- _Aim of the task_
Count up the lines below where the word "assembly" shows up, and respond with the number alone.

- _Input records_

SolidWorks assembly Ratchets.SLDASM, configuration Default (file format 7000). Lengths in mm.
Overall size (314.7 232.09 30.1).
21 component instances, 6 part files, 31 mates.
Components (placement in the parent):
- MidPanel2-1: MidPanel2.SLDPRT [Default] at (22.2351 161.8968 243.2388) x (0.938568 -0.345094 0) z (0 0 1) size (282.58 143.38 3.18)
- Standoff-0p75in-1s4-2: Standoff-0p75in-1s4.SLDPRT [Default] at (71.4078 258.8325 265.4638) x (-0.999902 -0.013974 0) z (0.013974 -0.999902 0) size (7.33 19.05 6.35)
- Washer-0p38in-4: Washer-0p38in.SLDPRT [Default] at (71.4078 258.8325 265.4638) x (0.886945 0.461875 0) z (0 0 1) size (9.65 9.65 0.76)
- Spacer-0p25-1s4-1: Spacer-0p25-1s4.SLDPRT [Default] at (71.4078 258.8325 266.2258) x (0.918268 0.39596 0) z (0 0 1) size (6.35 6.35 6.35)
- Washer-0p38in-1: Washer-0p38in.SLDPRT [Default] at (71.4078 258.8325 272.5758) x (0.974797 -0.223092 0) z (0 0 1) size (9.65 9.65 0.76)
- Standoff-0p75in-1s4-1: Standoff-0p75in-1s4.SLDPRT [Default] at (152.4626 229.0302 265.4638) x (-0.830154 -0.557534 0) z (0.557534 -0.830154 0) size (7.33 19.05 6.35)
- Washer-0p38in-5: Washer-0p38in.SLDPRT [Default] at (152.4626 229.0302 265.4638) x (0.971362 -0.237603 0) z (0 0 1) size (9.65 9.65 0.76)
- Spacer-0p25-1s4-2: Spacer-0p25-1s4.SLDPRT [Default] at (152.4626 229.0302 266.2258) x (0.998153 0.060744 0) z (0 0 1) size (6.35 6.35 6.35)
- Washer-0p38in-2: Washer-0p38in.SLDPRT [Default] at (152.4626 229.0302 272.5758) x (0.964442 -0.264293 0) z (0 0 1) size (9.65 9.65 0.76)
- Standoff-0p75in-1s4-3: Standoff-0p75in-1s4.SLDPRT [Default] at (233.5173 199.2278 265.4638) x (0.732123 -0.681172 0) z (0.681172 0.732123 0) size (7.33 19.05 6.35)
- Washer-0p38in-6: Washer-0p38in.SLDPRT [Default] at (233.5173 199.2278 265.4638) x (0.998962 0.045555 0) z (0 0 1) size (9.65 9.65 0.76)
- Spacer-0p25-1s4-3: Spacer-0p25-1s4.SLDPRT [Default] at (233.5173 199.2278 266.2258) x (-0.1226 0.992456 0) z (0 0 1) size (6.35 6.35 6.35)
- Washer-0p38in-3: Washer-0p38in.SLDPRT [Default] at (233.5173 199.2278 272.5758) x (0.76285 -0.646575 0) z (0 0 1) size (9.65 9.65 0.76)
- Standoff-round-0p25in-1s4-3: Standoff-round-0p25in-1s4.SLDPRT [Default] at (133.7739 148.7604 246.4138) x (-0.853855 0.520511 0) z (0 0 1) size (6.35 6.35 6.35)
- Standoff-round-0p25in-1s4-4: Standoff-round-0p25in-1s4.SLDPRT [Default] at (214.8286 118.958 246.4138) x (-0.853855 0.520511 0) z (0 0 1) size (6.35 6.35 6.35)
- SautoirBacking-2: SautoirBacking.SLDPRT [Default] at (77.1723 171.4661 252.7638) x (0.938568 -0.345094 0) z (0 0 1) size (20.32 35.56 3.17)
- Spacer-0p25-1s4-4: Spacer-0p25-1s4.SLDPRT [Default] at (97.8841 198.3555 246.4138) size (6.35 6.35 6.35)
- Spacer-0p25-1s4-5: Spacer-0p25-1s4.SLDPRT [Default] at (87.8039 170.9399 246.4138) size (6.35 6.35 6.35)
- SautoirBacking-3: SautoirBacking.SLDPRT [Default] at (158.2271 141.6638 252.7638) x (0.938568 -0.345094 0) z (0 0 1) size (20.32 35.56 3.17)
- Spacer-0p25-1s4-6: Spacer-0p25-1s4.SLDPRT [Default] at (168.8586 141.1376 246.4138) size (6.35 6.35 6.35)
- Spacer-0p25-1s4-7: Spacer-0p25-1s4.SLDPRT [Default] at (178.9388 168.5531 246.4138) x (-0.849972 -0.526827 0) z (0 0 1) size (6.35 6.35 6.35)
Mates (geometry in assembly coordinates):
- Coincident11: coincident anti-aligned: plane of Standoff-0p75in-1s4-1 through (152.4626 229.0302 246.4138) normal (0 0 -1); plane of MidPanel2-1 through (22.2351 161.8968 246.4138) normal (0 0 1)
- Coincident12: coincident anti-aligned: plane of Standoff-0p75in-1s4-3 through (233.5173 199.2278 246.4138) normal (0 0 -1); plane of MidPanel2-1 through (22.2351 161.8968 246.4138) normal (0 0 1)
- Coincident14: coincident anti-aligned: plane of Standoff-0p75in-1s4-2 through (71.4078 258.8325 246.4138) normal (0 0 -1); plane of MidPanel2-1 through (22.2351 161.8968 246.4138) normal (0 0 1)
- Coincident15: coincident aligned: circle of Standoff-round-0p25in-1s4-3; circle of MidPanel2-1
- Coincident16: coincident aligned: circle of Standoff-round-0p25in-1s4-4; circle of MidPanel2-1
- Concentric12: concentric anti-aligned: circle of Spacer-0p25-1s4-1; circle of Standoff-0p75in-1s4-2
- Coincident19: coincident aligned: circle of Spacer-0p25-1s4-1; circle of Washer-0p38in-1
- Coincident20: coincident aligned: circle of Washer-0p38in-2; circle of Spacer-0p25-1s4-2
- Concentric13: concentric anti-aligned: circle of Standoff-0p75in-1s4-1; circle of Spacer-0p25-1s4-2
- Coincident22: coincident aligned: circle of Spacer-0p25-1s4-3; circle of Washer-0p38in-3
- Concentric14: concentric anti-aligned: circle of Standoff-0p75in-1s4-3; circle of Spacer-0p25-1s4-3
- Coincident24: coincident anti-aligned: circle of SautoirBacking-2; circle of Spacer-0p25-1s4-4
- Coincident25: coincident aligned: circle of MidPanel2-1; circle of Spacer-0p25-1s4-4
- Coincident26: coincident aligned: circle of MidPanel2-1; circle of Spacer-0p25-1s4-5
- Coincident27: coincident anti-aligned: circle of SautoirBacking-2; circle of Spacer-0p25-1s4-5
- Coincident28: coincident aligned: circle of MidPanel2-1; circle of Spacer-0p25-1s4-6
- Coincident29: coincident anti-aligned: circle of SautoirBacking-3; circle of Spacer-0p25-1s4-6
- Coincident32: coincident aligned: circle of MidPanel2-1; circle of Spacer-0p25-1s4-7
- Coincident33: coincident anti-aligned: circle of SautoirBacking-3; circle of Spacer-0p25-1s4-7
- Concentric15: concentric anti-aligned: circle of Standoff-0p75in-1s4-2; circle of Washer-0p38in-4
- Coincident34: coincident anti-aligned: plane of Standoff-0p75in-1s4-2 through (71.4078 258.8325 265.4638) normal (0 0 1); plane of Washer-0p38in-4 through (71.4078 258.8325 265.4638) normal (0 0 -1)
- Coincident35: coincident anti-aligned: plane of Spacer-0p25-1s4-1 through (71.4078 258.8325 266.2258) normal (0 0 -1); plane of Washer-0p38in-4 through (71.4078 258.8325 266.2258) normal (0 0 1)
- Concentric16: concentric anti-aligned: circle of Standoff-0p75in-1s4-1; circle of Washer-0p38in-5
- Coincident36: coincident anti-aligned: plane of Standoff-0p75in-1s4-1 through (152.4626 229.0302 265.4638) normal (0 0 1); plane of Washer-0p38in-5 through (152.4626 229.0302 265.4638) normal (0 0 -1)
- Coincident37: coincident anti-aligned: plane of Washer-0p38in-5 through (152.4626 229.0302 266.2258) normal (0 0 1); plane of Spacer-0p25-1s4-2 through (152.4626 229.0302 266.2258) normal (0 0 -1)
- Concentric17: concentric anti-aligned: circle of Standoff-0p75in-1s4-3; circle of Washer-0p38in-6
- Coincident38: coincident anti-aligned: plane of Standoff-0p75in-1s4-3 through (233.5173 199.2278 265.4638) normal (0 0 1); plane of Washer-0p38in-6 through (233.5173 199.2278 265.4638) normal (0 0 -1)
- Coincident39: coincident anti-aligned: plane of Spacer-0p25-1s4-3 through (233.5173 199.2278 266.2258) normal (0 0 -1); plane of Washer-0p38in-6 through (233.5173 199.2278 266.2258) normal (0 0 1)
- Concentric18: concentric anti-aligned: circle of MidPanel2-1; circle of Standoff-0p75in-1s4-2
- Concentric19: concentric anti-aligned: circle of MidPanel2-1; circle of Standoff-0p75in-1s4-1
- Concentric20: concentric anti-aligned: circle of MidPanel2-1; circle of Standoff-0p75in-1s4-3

- _Response to the task_
2